Advances in Condensed Matter Physics ◽

10.1155/2021/3760631 ◽

2021 ◽

Vol 2021 ◽

pp. 1-10

Author(s):

Xinmao Qin ◽

Wanjun Yan ◽

Dongxiang Li ◽

Zhongzheng Zhang ◽

Shaobo Chen

Keyword(s):

First Principles ◽

Adsorption Properties ◽

Mulliken Charge ◽

Valley Bottom ◽

First Principles Study ◽

Surface Work ◽

Gas Molecule ◽

Gas Molecules ◽

Work Functions ◽

Adsorption Energies

A first-principles study was performed to investigate the adsorption properties of gas molecules (CO, CO2, NO, and NO2) on carbon- (C-), nitrogen- (N-), and oxygen-doped (O) borophene. The adsorption energies, adsorption configurations, Mulliken charge population, surface work functions, and density of states (DOS) of the most stable doped borophene/gas-molecule configurations were calculated, and the interaction mechanisms between the gas molecules and the doped borophene were further analyzed.
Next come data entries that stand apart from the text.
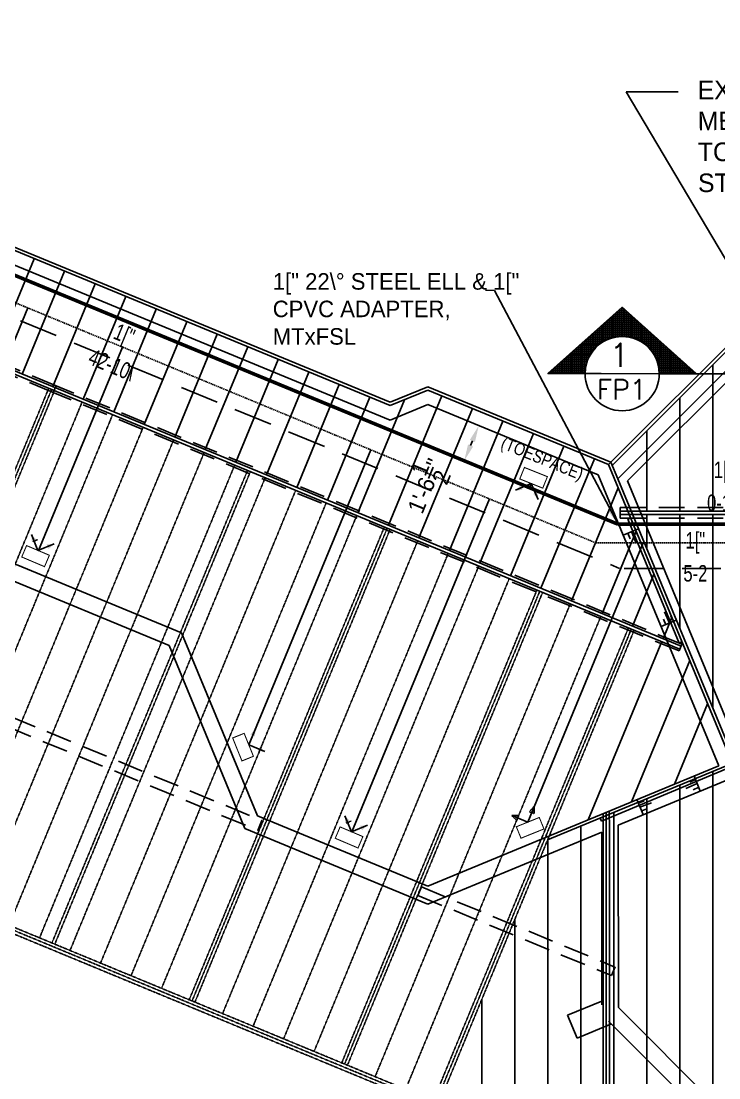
# Model space of a CAD drawing. Extents: x -16 to 10076, y -1 to 10000.
# Drawn here: x 1602 to 1941, y 1818 to 2330 of the extents above; entities that cross this region are included whole.
import ezdxf
from ezdxf.enums import TextEntityAlignment as Align

# ---------------------------------------------------------------- set-up
doc = ezdxf.new("R2010")
doc.units = 0
doc.header["$MEASUREMENT"] = 0
doc.linetypes.add('DASHED2', pattern=[0.375, 0.25, -0.125])
doc.linetypes.add('HIDDEN', pattern=[0.375, 0.25, -0.125])
for name, color, linetype in [('B-FL JOISTS', 4, 'Continuous'), ('B-FLOOR BEAMS', 3, 'HIDDEN'), ('B-FOUNDATION', 3, 'Continuous'), ('B-PT LUMBER', 4, 'DASHED2'), ('B-WALLS', 1, 'Continuous'), ('DMNS', 1, 'Continuous'), ('HVAC', 5, 'Continuous'), ('SPRKDATA', 2, 'Continuous'), ('SPRKDATC', 2, 'Continuous'), ('SPRKVIEW', 1, 'Continuous'), ('TEXT', 1, 'Continuous')]:
    doc.layers.add(name, color=color, linetype=linetype)
doc.layers.add('SPRKDAT1', color=7, linetype='Continuous', plot=False)
doc.layers.add('SPRKDAT2', color=2, linetype='Continuous', plot=False)
doc.styles.add('ARCHENTLTD', font='technical.ttf', dxfattribs={"height": 6})
doc.styles.add('HCAD', font='HCAD.SHX', dxfattribs={"width": 0.8, "height": 8})
doc.styles.add('PIPESIZE', font='hcad.shx', dxfattribs={"width": 0.8})
doc.styles.add('ROMANS', font='romans.shx', dxfattribs={"height": 6})
doc.styles.get("Standard").update_dxf_attribs({"font": 'hcad.shx', "height": 8})
doc.dimstyles.new('DEFAULT', dxfattribs={"dimtxt": 8, "dimasz": 8, "dimexe": 8, "dimexo": 8, "dimgap": 1, "dimtad": 0, "dimdec": 1, "dimrnd": 0.5, "dimzin": 7, "dimdsep": 46, "dimlunit": 4, "dimtxsty": 'Standard', "dimcen": 0, "dimclrd": 256, "dimclre": 256, "dimclrt": 256, "dimadec": 0, "dimazin": 0, "dimtfac": 1, "dimtdec": 4, "dimtofl": 0, "dimtmove": 2, "dimatfit": 3, "dimfxl": 1, "dimtolj": 1, "dimtzin": 0, "dimarcsym": 0})

# ---------------------------------------------------------------- blocks, each defined once
blk = doc.blocks.new('*X3')
at = {"color": 0}
for p, q in [((835, 492.378016), (835, 506.077215)), ((835.19318, 506.25), (848.85909, 506.25)), ((836.25, 492.724085), (836.25, 507.195249)), ((836.590723, 507.5), (847.461547, 507.5)), ((837.5, 492.998885), (837.5, 508.313282)), ((837.988265, 508.75), (846.064005, 508.75)), ((838.75, 493.204886), (838.75, 509.431316)), ((839.385807, 510), (844.666462, 510)), ((840, 493.343868), (840, 510.54935)), ((840.78335, 511.25), (843.26892, 511.25)), ((841.25, 493.416996), (841.25, 511.667384)), ((842.5, 493.42487), (842.5, 511.937743)), ((843.75, 493.367557), (843.75, 510.819709)), ((845, 493.244584), (845, 509.701675)), ((846.25, 493.054927), (846.25, 508.583641)), ((847.5, 492.796963), (847.5, 507.465607)), ((848.75, 492.468396), (848.75, 506.347573)), ((826.807925, 498.75), (857.244345, 498.75)), ((827.5, 488.534143), (827.5, 499.369011)), ((828.205468, 500), (855.846802, 500)), ((828.75, 489.423034), (828.75, 500.487045)), ((829.60301, 501.25), (854.44926, 501.25)), ((830, 490.198954), (830, 501.605079)), ((831.000553, 502.5), (853.051717, 502.5)), ((831.25, 490.874172), (831.25, 502.723113)), ((832.398095, 503.75), (851.654175, 503.75)), ((832.5, 491.457948), (832.5, 503.841147)), ((833.75, 491.957394), (833.75, 504.959181)), ((833.795638, 505), (850.256632, 505)), ((850, 492.066153), (850, 505.229539)), ((851.25, 491.586221), (851.25, 504.111505)), ((852.5, 491.02342), (852.5, 502.993471)), ((853.75, 490.37107), (853.75, 501.875437)), ((855, 489.620494), (855, 500.757403)), ((856.25, 488.760251), (856.25, 499.639369)), ((819.820213, 492.5), (835.411517, 492.5)), ((820, 478.960132), (820, 492.660807)), ((821.217755, 493.75), (862.834515, 493.75)), ((821.25, 481.443617), (821.25, 493.778841)), ((822.5, 483.383688), (822.5, 494.896875)), ((822.615298, 495), (861.436972, 495)), ((823.75, 484.985022), (823.75, 496.014909)), ((824.01284, 496.25), (860.03943, 496.25)), ((825, 486.344105), (825, 497.132943)), ((825.410383, 497.5), (858.641887, 497.5)), ((826.25, 487.515634), (826.25, 498.250977)), ((848.640753, 492.5), (864.232057, 492.5)), ((857.5, 487.774922), (857.5, 498.521335)), ((858.75, 486.643038), (858.75, 497.403301)), ((860, 485.333336), (860, 496.285267)), ((861.25, 483.797272), (861.25, 495.167233)), ((862.5, 481.951812), (862.5, 494.049199)), ((863.75, 479.630388), (863.75, 492.931165)), ((865, 476.370806), (865, 491.813131)), ((811.434958, 485), (823.762758, 485)), ((812.5, 469.430149), (812.5, 485.952603)), ((812.8325, 486.25), (824.907028, 486.25)), ((813.75, 469.430149), (813.75, 487.070637)), ((814.230043, 487.5), (826.232096, 487.5)), ((815, 469.430149), (815, 488.188671)), ((815.627585, 488.75), (827.788349, 488.75)), ((816.25, 469.430149), (816.25, 489.306705)), ((817.025128, 490), (829.662785, 490)), ((817.5, 469.430149), (817.5, 490.424739)), ((818.42267, 491.25), (832.032872, 491.25)), ((818.75, 475.277605), (818.75, 491.542773)), ((852.019397, 491.25), (865.6296, 491.25)), ((854.389485, 490), (867.027142, 490)), ((856.263921, 488.75), (868.424685, 488.75)), ((857.820174, 487.5), (869.822227, 487.5)), ((859.145241, 486.25), (871.21977, 486.25)), ((860.289512, 485), (872.617312, 485)), ((866.25, 469.430149), (866.25, 490.695097)), ((867.5, 469.430149), (867.5, 489.577063)), ((868.75, 469.430149), (868.75, 488.459029)), ((870, 469.430149), (870, 487.340995)), ((871.25, 469.430149), (871.25, 486.222961)), ((872.5, 469.430149), (872.5, 485.104927)), ((803.75, 469.430149), (803.75, 478.126365)), ((804.447245, 478.75), (819.910268, 478.75)), ((805, 469.430149), (805, 479.244399)), ((805.844788, 480), (820.479686, 480)), ((806.25, 469.430149), (806.25, 480.362433)), ((807.24233, 481.25), (821.139242, 481.25)), ((807.5, 469.430149), (807.5, 481.480467)), ((808.639873, 482.5), (821.897792, 482.5)), ((808.75, 469.430149), (808.75, 482.598501)), ((810, 469.430149), (810, 483.716535)), ((810.037415, 483.75), (822.767032, 483.75)), ((811.25, 469.430149), (811.25, 484.834569)), ((861.285238, 483.75), (874.014855, 483.75)), ((862.154478, 482.5), (875.412397, 482.5)), ((862.913028, 481.25), (876.80994, 481.25)), ((863.572584, 480), (878.207482, 480)), ((864.142002, 478.75), (879.605025, 478.75)), ((873.75, 469.430149), (873.75, 483.986893)), ((875, 469.430149), (875, 482.868859)), ((876.25, 469.430149), (876.25, 481.750825)), ((877.5, 469.430149), (877.5, 480.632791)), ((878.75, 469.430149), (878.75, 479.514757)), ((880, 469.430149), (880, 478.396723)), ((796.25, 469.430149), (796.25, 471.418161)), ((797.459533, 472.5), (818.223883, 472.5)), ((797.5, 469.430149), (797.5, 472.536195)), ((798.75, 469.430149), (798.75, 473.654229)), ((798.857075, 473.75), (818.418719, 473.75)), ((800, 469.430149), (800, 474.772263)), ((800.254618, 475), (818.682015, 475)), ((801.25, 469.430149), (801.25, 475.890297)), ((801.65216, 476.25), (819.016119, 476.25)), ((802.5, 469.430149), (802.5, 477.008331)), ((803.049703, 477.5), (819.424173, 477.5)), ((864.628097, 477.5), (881.002567, 477.5)), ((865.036151, 476.25), (882.40011, 476.25)), ((865.370255, 475), (883.797652, 475)), ((865.633551, 473.75), (885.195195, 473.75)), ((865.828387, 472.5), (886.592737, 472.5)), ((881.25, 469.430149), (881.25, 477.278689)), ((882.5, 469.430149), (882.5, 476.160655)), ((883.75, 469.430149), (883.75, 475.042621)), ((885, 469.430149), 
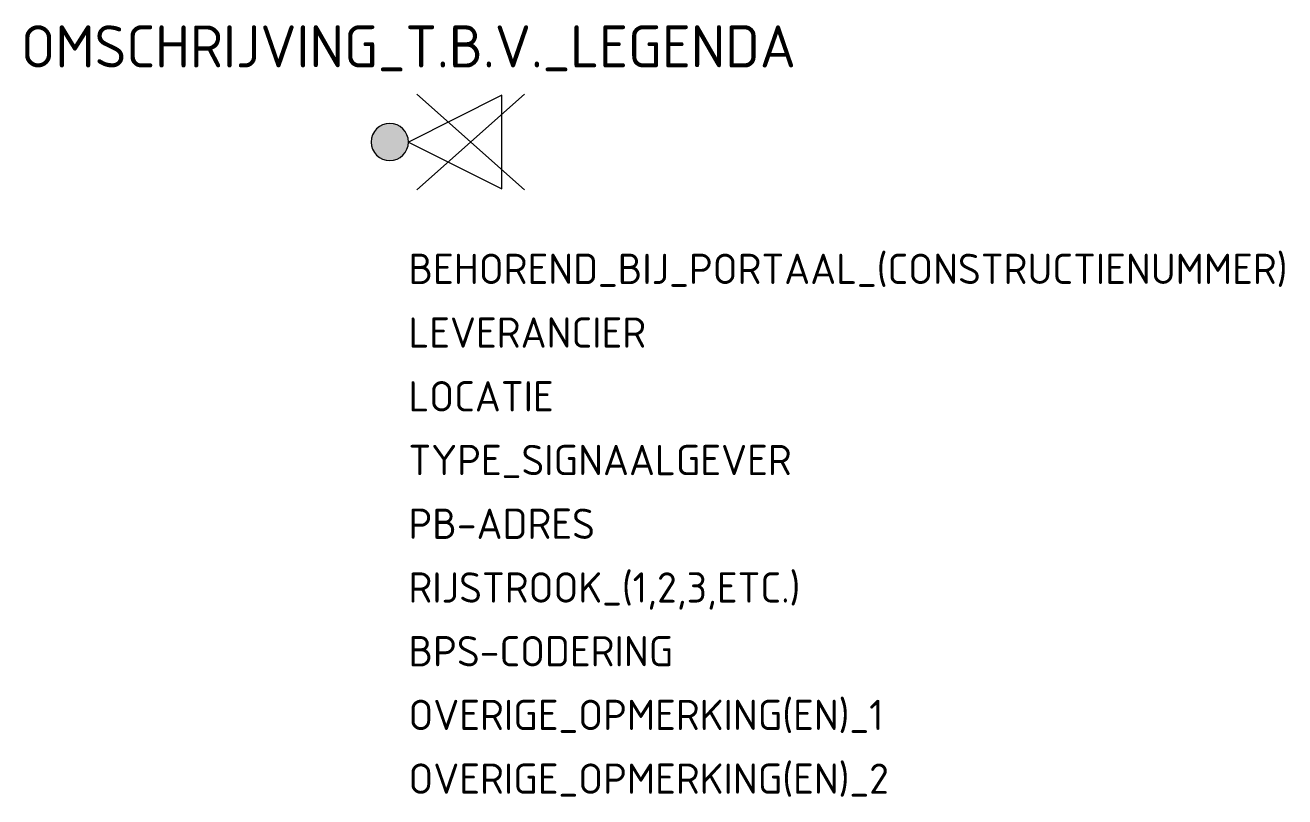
# Model space of a CAD drawing. Extents: x -22.8 to 52.1, y -38.9 to 6.9.
import ezdxf
from ezdxf.enums import TextEntityAlignment as Align

# ---------------------------------------------------------------- set-up
doc = ezdxf.new("R2010")
doc.units = 0
doc.styles.add('NLCS-ISO', font='NLCS-ISO.ttf')

msp = doc.modelspace()

# ---------------------------------------------------------------- hatches: boundary and pattern name
h = msp.add_hatch(color=256)
h.dxf.hatch_style = 1
edge = h.paths.add_edge_path()
edge.add_arc((-1.105, 0), 1.105, 180, 360)
edge.add_arc((-1.105, 0), 1.105, 0, 180)

# ---------------------------------------------------------------- linework, layer by layer
for p, q in [((0.509, -2.841), (6.898, 2.841)), ((0.509, 2.841), (6.898, -2.841))]:
    msp.add_line(p, q)
at = {"flags": 128}
msp.add_lwpolyline([(5.556, 2.778), (0, 0), (5.556, -2.778)], close=True, dxfattribs=at)
msp.add_lwpolyline([(-2.211, 0, 1), (0, 0, 1)], format="xyb", close=True, dxfattribs=at)

# ---------------------------------------------------------------- texts
at = {"style": 'NLCS-ISO'}
msp.add_attdef('OMSCHRIJVING_T.B.V._LEGENDA', text='DOSEERLICHT', height=2.5, dxfattribs=at).set_placement((0, 5.565), align=Align.MIDDLE)
at = {"style": 'NLCS-ISO', "flags": 1}
for tag, p, s in [('BEHOREND_BIJ_PORTAAL_(CONSTRUCTIENUMMER)', (0, -8.431), ''), ('LEVERANCIER', (0, -12.215), ''), ('LOCATIE', (0, -16), ''), ('TYPE_SIGNAALGEVER', (0, -19.784), 'MSI-RS 3.2'), ('PB-ADRES', (0, -23.569), ''), ('RIJSTROOK_(1,2,3,ETC.)', (0, -27.353), ''), ('BPS-CODERING', (0, -31.138), ''), ('OVERIGE_OPMERKING(EN)_1', (0, -34.922), ''), ('OVERIGE_OPMERKING(EN)_2', (0, -38.707), '')]:
    msp.add_attdef(tag, p, s, height=1.8, dxfattribs=at)

doc.saveas('drawing.dxf')

The results indicated that most of the gas molecules exhibited strong chemisorption at the VB site (the center of valley bottom B–B bond) of the doped borophene (compared to pristine borophene). Electronic property analysis of the C-doped borophene/CO2 and the NO2 adsorption system revealed that there were numerous charge transfers from the C-doped borophene to the CO2 and NO2 molecules. This indicated that C-doped borophene was an electron donor, and the CO2 and NO2 molecules served as electron acceptors. In contrast to variations in the adsorption energies, electronic properties, and surface work functions of the different gas, C-, N-, and O-doped borophene adsorption systems, we concluded that the C-, N-, and O-doped borophene materials will improve the sensitivity of CO, CO2, and NO2 molecule; this improvement of adsorption properties indicated that C-, N-, and O-doped borophene materials are excellent candidates for surface work functions transistor to detect gas molecules.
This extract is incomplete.